HERTFORDSHIRE, England and
PITTSBURGH, April 11, 2018 /PRNewswire/ -- Global
pharmaceutical company Mylan N.V. (NASDAQ: MYL) today announced it
is partnering with Fujifilm Kyowa Kirin Biologics Co., Ltd. to
commercialize a biosimilar to Humira® (adalimumab)
developed by Fujifilm Kyowa Kirin Biologics. Through the
partnership agreement, Mylan will leverage its regulatory platform
to seek approval and commercialize the product in Europe.
Humira is a TNF-inhibitor1 aimed at treating multiple
chronic inflammatory conditions. The product is indicated in
Europe for the treatment of
rheumatoid arthritis, juvenile idiopathic arthritis, psoriatic
arthritis, ankylosing spondylitis, Crohn's disease, ulcerative
colitis, plaque psoriasis, hidradenitis suppurativa and uveitis.
Humira is the world's best-selling biologic medication and had
brand sales of approximately $4.1
billion in Europe for the
12 months ending Dec. 31, 2017,
according to IQVIA.
Mylan CEO Heather Bresch,
"Expanding access to biologics through the introduction of
biosimilars around the world is a key area of focus for Mylan. Our
partnership with Fujifilm Kyowa Kirin Biologics for an adalimumab
biosimilar in Europe is an
exciting advancement for Mylan and for patients who are living with
chronic autoimmune conditions and need access to a high-quality,
more affordable treatment option."
President Rajiv Malik added, "We
believe Mylan's strong regulatory commercial platform in
Europe and scientific leadership
in the biosimilars space make us an ideal partner of choice. These
attributes combined with Fujifilm Kyowa Kirin Biologics' expertise
in biologics, position the two companies to bring an adalimumab
biosimilar to the European market in the near term."

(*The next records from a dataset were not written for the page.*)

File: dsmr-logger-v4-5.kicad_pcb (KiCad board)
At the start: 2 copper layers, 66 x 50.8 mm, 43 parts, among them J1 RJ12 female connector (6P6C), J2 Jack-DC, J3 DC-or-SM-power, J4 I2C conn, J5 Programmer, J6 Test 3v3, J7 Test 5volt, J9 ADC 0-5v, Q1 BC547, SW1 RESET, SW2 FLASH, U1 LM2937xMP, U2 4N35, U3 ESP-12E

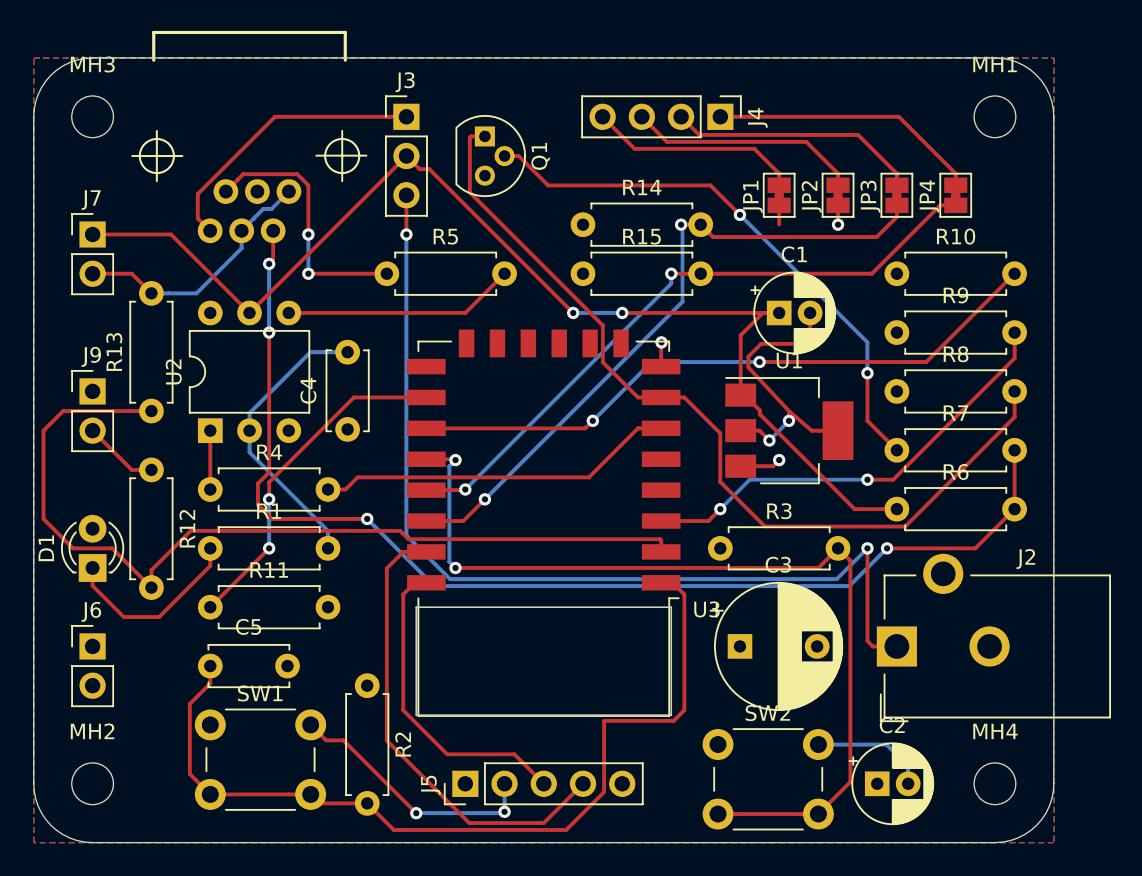
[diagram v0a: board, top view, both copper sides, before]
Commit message: Silk mask updated, changed JP4, added 3D renders
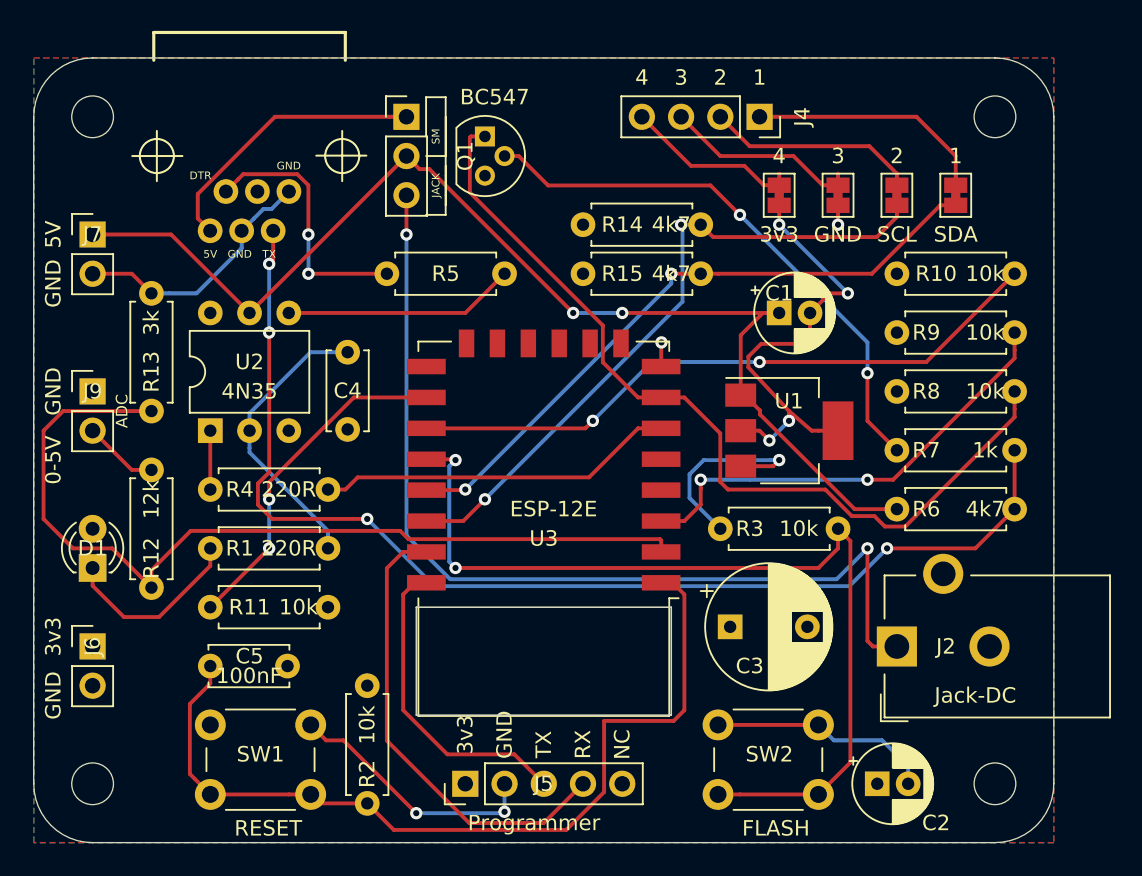
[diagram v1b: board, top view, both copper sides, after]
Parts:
- J4: footprint Connector_PinHeader_2.54mm:PinHeader_1x04_P2.54mm_Vertical -> Connector_PinSocket_2.54mm:PinSocket_1x04_P2.54mm_Vertical
- JP1: value Jumper_3v3 -> 3v3
- JP2: value Jumper_GND -> GND
- JP3: value Jumper_SCL -> SCL
- JP4: value Jumper_SDA -> SDA
- R12: value 12k (E24) -> 12k
- R13: value 3k (E24) -> 3k
- moved J4 2.54 mm to (157.5, 76.2)
- moved C3 1.42 mm to (155.6, 109.2)
- moved SW2 1.27 mm to (154.8, 115.6)
- moved R3 1.27 mm to (154.9, 102.9)
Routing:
- net GND: track 79.7 -> 96.9 mm, vias 4 -> 6
- net 3v3: track 5.48 -> 16.0 mm
- net Net-(J4-Pad2): track 16.2 -> 13.7 mm
- net Net-(J4-Pad4): track 13.7 -> 11.5 mm
- net Net-(J4-Pad3): track 15.0 -> 12.7 mm
- net GPIO0: track 59.4 -> 60.7 mm
- net Net-(J4-Pad1): track 17.5 -> 16.4 mm
- net Net-(R9-Pad2): track 28.9 -> 29.9 mm
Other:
- board text added: "0-5V"
- board text added: "1"
- board text added: "2"
- board text added: "3"
- board text added: "3v3"
- board text added: "4"
- board text added: "5V"
- board text added: "ADC"
- board text added: "DTR"
- board text added: "GND"
- board text added: "JACK"
- board text added: "NC"
- board text added: "RX"
- board text added: "SM"
- board text added: "TX"

The European Medicines Agency (EMA) accepted for review the
Marketing Authorisation Application for its proposed biosimilar to
Humira on May 18, 2017. The companies
expect to receive a decision from EMA in the second half of
2018.
Under the terms of the agreement between two companies, Fujifilm
Kyowa Kirin Biologics grants Mylan an exclusive license to
commercialize the adalimumab biosimilar in Europe and will receive an up-front fee. In
addition, Fujifilm Kyowa Kirin Biologics is eligible to receive a
subsequent commercialization milestone payment and sales royalties.
Mylan will be responsible for the sales activity of the product in
European countries. The two companies continue to negotiate for
commercializing the product in additional territories. In addition,
Mylan's partner Biocon will receive economic benefit through this
collaboration.
About Mylan
Mylan is a global pharmaceutical company
committed to setting new standards in healthcare. Working together
around the world to provide 7 billion people access to high quality
medicine, we innovate to satisfy unmet needs; make reliability and
service excellence a habit; do what's right, not what's easy; and
impact the future through passionate global leadership. We offer a
growing portfolio of more than 7,500 marketed products around the
world, including antiretroviral therapies on which more than 40% of
people being treated for HIV/AIDS globally depend. We market our
products in more than 165 countries and territories. We are one of
the world's largest producers of active pharmaceutical ingredients.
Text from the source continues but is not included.